My first Halloween as a woman and what did I do? I went in drag.
All right. I know that joke's getting old, and I promise never to use it again on this blog--unless my age, blondness and absent-minded-professor-ness (What kind of word is that?) get the better of me and I forget this post.
Seriously, I didn't go out in boy-drag. Nor did I go trick-or-treating in a Michael Jackson mask or a Kate Gosselin wig. Those were two of the most popular getups this Halloween. And I didn't go as a witch, as appropriate as some of my students may think it would be!
Actually, I spent the day in a very out-of-season pair of bay blue shorts and a top striped in aqueous shades. They were handy and the day was a bit warmer than normal for this time of year. Besides, I had no engagement that called for appropriate attire.
In other words, I was feeling lazy today, at least about my appearance. So, I didn't wear makeup, either. I simply brushed my hair and put on some lipstick before I went out for a walk.
Now here's something for which I can blame my mother: Even when I'm as poorly dressed as I was today and when I'm not wearing makeup, I don't leave the house without putting on lipstick. About two years into living as a woman, I realized I'd developed that habit. When I told Mom about it, she gasped: "That's what I do, too!"
A pause. Then I quipped, "Like mother, like daughter, eh?"
Another pause. "It looks that way, doesn't it?," she mused.
"At least I have a great mother to be like."
"And you're a fine daughter. I still don't understand what you're doing--I'm trying to--but you're my child, you're good, and you deserve to be happy. And I've never seen you happier."

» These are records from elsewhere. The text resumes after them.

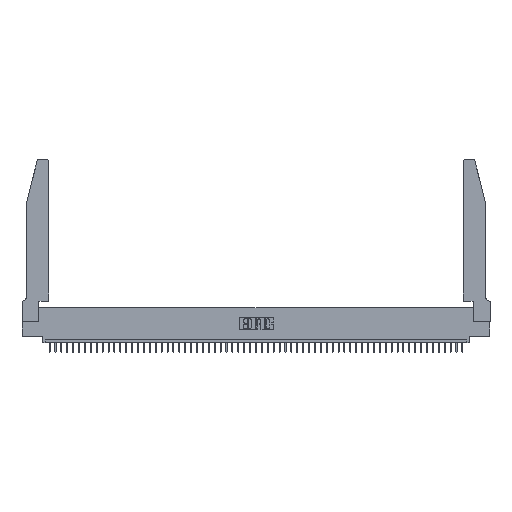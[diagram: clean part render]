
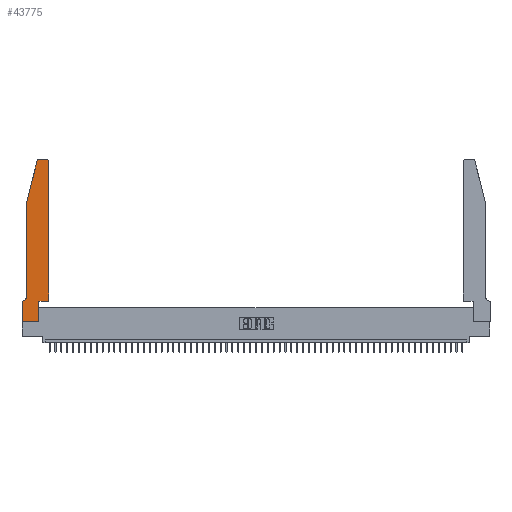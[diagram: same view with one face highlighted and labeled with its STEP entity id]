
A CAD part, top view. The second image highlights one B-rep face of the part: STEP entity #43775.
In plain terms, the highlighted planar face has unit normal (0, 0, 1).
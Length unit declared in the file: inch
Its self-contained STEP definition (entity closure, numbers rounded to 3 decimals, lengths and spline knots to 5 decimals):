
#788 = LINE ( 'NONE', #53538, #27252 ) ;
#2736 = EDGE_CURVE ( 'NONE', #43804, #34807, #46887, .T. ) ;
#2877 = ORIENTED_EDGE ( 'NONE', *, *, #10781, .T. ) ;
#4483 = DIRECTION ( 'NONE',  ( 0., 0., 1. ) ) ;
#4844 = CARTESIAN_POINT ( 'NONE',  ( 0.0755, 0.35, 0.37 ) ) ;
#5120 = EDGE_CURVE ( 'NONE', #49425, #8246, #36930, .T. ) ;
#5724 = LINE ( 'NONE', #27803, #38123 ) ;
#6414 = DIRECTION ( 'NONE',  ( -0.239, -0.971, 0. ) ) ;
#7665 = FACE_OUTER_BOUND ( 'NONE', #25864, .T. ) ;
#7667 = VERTEX_POINT ( 'NONE', #44868 ) ;
#7910 = EDGE_CURVE ( 'NONE', #23452, #27375, #788, .T. ) ;
#8246 = VERTEX_POINT ( 'NONE', #40228 ) ;
#8506 = CARTESIAN_POINT ( 'NONE',  ( 0., 0., 0.37 ) ) ;
#10246 = DIRECTION ( 'NONE',  ( 0., 1., 0. ) ) ;
#10411 = ORIENTED_EDGE ( 'NONE', *, *, #34214, .T. ) ;
#10767 = DIRECTION ( 'NONE',  ( -1., 0., 0. ) ) ;
#10781 = EDGE_CURVE ( 'NONE', #7667, #39756, #42646, .T. ) ;
#10946 = VECTOR ( 'NONE', #25646, 39.37008 ) ;
#12313 = VECTOR ( 'NONE', #10246, 39.37008 ) ;
#12574 = AXIS2_PLACEMENT_3D ( 'NONE', #12596, #4483, #17153 ) ;
#12596 = CARTESIAN_POINT ( 'NONE',  ( 0.4205, 2.72, 0.37 ) ) ;
#12730 = LINE ( 'NONE', #53150, #17922 ) ;
#13031 = CIRCLE ( 'NONE', #40133, 0.07 ) ;
#14046 = CARTESIAN_POINT ( 'NONE',  ( 0.2865, 0.35, 0.37 ) ) ;
#14413 = ORIENTED_EDGE ( 'NONE', *, *, #40621, .T. ) ;
#15577 = DIRECTION ( 'NONE',  ( -1., 0., 0. ) ) ;
#15706 = VERTEX_POINT ( 'NONE', #32197 ) ;
#17077 = ORIENTED_EDGE ( 'NONE', *, *, #38103, .T. ) ;
#17153 = DIRECTION ( 'NONE',  ( 1., 0., 0. ) ) ;
#17894 = DIRECTION ( 'NONE',  ( 1., 0., 0. ) ) ;
#17922 = VECTOR ( 'NONE', #6414, 39.37008 ) ;
#18713 = CARTESIAN_POINT ( 'NONE',  ( 0.284, 2.72, 0.37 ) ) ;
#18953 = AXIS2_PLACEMENT_3D ( 'NONE', #41123, #19945, #44931 ) ;
#19945 = DIRECTION ( 'NONE',  ( 0., 0., 1. ) ) ;
#20947 = ORIENTED_EDGE ( 'NONE', *, *, #42744, .T. ) ;
#21116 = CARTESIAN_POINT ( 'NONE',  ( 0., 0.35, 0.37 ) ) ;
#22532 = EDGE_CURVE ( 'NONE', #27375, #7667, #13031, .T. ) ;
#23452 = VERTEX_POINT ( 'NONE', #31650 ) ;
#23484 = LINE ( 'NONE', #8506, #10946 ) ;
#23515 = DIRECTION ( 'NONE',  ( -1., 0., 0. ) ) ;
#23732 = VECTOR ( 'NONE', #40305, 39.37008 ) ;
#25176 = ORIENTED_EDGE ( 'NONE', *, *, #7910, .T. ) ;
#25248 = CARTESIAN_POINT ( 'NONE',  ( 0.2865, 0., 0.37 ) ) ;
#25646 = DIRECTION ( 'NONE',  ( 0., -1., 0. ) ) ;
#25864 = EDGE_LOOP ( 'NONE', ( #52318, #20947, #17077, #25176, #38205, #2877, #10411, #34071, #26230, #14413, #26480, #47222 ) ) ;
#26230 = ORIENTED_EDGE ( 'NONE', *, *, #5120, .T. ) ;
#26471 = VERTEX_POINT ( 'NONE', #43743 ) ;
#26480 = ORIENTED_EDGE ( 'NONE', *, *, #52008, .T. ) ;
#27252 = VECTOR ( 'NONE', #44279, 39.37008 ) ;
#27375 = VERTEX_POINT ( 'NONE', #43136 ) ;
#27803 = CARTESIAN_POINT ( 'NONE',  ( 0.4505, 0.35, 0.37 ) ) ;
#28139 = CARTESIAN_POINT ( 'NONE',  ( 0.0055, 0.42, 0.37 ) ) ;
#29263 = VECTOR ( 'NONE', #17894, 39.37008 ) ;
#29453 = CIRCLE ( 'NONE', #40873, 0.03 ) ;
#29487 = EDGE_CURVE ( 'NONE', #15706, #43804, #48897, .T. ) ;
#31650 = CARTESIAN_POINT ( 'NONE',  ( 0.0755, 2., 0.37 ) ) ;
#32197 = CARTESIAN_POINT ( 'NONE',  ( 0.4505, 2.72, 0.37 ) ) ;
#32987 = VERTEX_POINT ( 'NONE', #48700 ) ;
#34071 = ORIENTED_EDGE ( 'NONE', *, *, #36192, .T. ) ;
#34214 = EDGE_CURVE ( 'NONE', #39756, #32987, #23484, .T. ) ;
#34807 = VERTEX_POINT ( 'NONE', #38054 ) ;
#35766 = VECTOR ( 'NONE', #23515, 39.37008 ) ;
#36192 = EDGE_CURVE ( 'NONE', #32987, #49425, #49567, .T. ) ;
#36580 = DIRECTION ( 'NONE',  ( 0., 0., -1. ) ) ;
#36848 = DIRECTION ( 'NONE',  ( 1., 0., 0. ) ) ;
#36930 = LINE ( 'NONE', #14046, #23732 ) ;
#38054 = CARTESIAN_POINT ( 'NONE',  ( 0.284, 2.75, 0.37 ) ) ;
#38103 = EDGE_CURVE ( 'NONE', #26471, #23452, #12730, .T. ) ;
#38123 = VECTOR ( 'NONE', #36848, 39.37008 ) ;
#38205 = ORIENTED_EDGE ( 'NONE', *, *, #22532, .T. ) ;
#38527 = VERTEX_POINT ( 'NONE', #53676 ) ;
#39756 = VERTEX_POINT ( 'NONE', #21116 ) ;
#40133 = AXIS2_PLACEMENT_3D ( 'NONE', #28139, #36580, #15577 ) ;
#40228 = CARTESIAN_POINT ( 'NONE',  ( 0.2865, 0.35, 0.37 ) ) ;
#40305 = DIRECTION ( 'NONE',  ( 0., 1., 0. ) ) ;
#40621 = EDGE_CURVE ( 'NONE', #8246, #38527, #5724, .T. ) ;
#40873 = AXIS2_PLACEMENT_3D ( 'NONE', #18713, #47711, #48098 ) ;
#41123 = CARTESIAN_POINT ( 'NONE',  ( 0., 0.35, 0.37 ) ) ;
#42646 = LINE ( 'NONE', #4844, #49937 ) ;
#42744 = EDGE_CURVE ( 'NONE', #34807, #26471, #29453, .T. ) ;
#43136 = CARTESIAN_POINT ( 'NONE',  ( 0.0755, 0.42, 0.37 ) ) ;
#43743 = CARTESIAN_POINT ( 'NONE',  ( 0.25487, 2.72718, 0.37 ) ) ;
#43775 = ADVANCED_FACE ( 'NONE', ( #7665 ), #45133, .T. ) ;
#43804 = VERTEX_POINT ( 'NONE', #45314 ) ;
#44279 = DIRECTION ( 'NONE',  ( 0., -1., 0. ) ) ;
#44868 = CARTESIAN_POINT ( 'NONE',  ( 0.0055, 0.35, 0.37 ) ) ;
#44931 = DIRECTION ( 'NONE',  ( 1., 0., 0. ) ) ;
#45133 = PLANE ( 'NONE',  #18953 ) ;
#45314 = CARTESIAN_POINT ( 'NONE',  ( 0.4205, 2.75, 0.37 ) ) ;
#46887 = LINE ( 'NONE', #52686, #35766 ) ;
#47222 = ORIENTED_EDGE ( 'NONE', *, *, #29487, .T. ) ;
#47711 = DIRECTION ( 'NONE',  ( 0., 0., 1. ) ) ;
#47719 = CARTESIAN_POINT ( 'NONE',  ( 0.4505, 0.35, 0.37 ) ) ;
#48098 = DIRECTION ( 'NONE',  ( 1., 0., 0. ) ) ;
#48389 = LINE ( 'NONE', #47719, #12313 ) ;
#48700 = CARTESIAN_POINT ( 'NONE',  ( 0., 0., 0.37 ) ) ;
#48897 = CIRCLE ( 'NONE', #12574, 0.03 ) ;
#49425 = VERTEX_POINT ( 'NONE', #25248 ) ;
#49567 = LINE ( 'NONE', #52066, #29263 ) ;
#49937 = VECTOR ( 'NONE', #10767, 39.37008 ) ;
#52008 = EDGE_CURVE ( 'NONE', #38527, #15706, #48389, .T. ) ;
#52066 = CARTESIAN_POINT ( 'NONE',  ( 0., 0., 0.37 ) ) ;
#52318 = ORIENTED_EDGE ( 'NONE', *, *, #2736, .T. ) ;
#52686 = CARTESIAN_POINT ( 'NONE',  ( 0.2605, 2.75, 0.37 ) ) ;
#53150 = CARTESIAN_POINT ( 'NONE',  ( 0.0755, 2., 0.37 ) ) ;
#53538 = CARTESIAN_POINT ( 'NONE',  ( 0.0755, 2., 0.37 ) ) ;
#53676 = CARTESIAN_POINT ( 'NONE',  ( 0.4505, 0.35, 0.37 ) ) ;

That, from exactly the person I could never fool with a mask or a wig.
Perhaps some day I will wear one again, for fun. But for now, it is a victory--in exactly the same sense that survival is victory--that I don't have to wear a wig or mask, at least not most of the time.
My previous life reminds me of what Paul Dunbar's narrator said:
We wear the mask that grins and lies,
It hides our cheeks and shades our eyes,—
This debt we pay to human guile;
With torn and bleeding hearts we smile,
And mouth with myriad subtleties.
Why should the world be over-wise,
In counting all our tears and sighs?
Nay, let them only see us, while
We wear the mask.
We smile, but, O great Christ, our cries
To thee from tortured souls arise.
We sing, but oh the clay is vile
Beneath our feet, and long the mile;
But let the world dream otherwise,
We wear the mask!
"This debt to human guile." If that's not a definition of the masks and costumes I wore every day for more than 40 years, tell me what is.
I really hope that all the kids I saw tonight won't have to wear that sort of mask. Let them have fun with the ones they're wearing!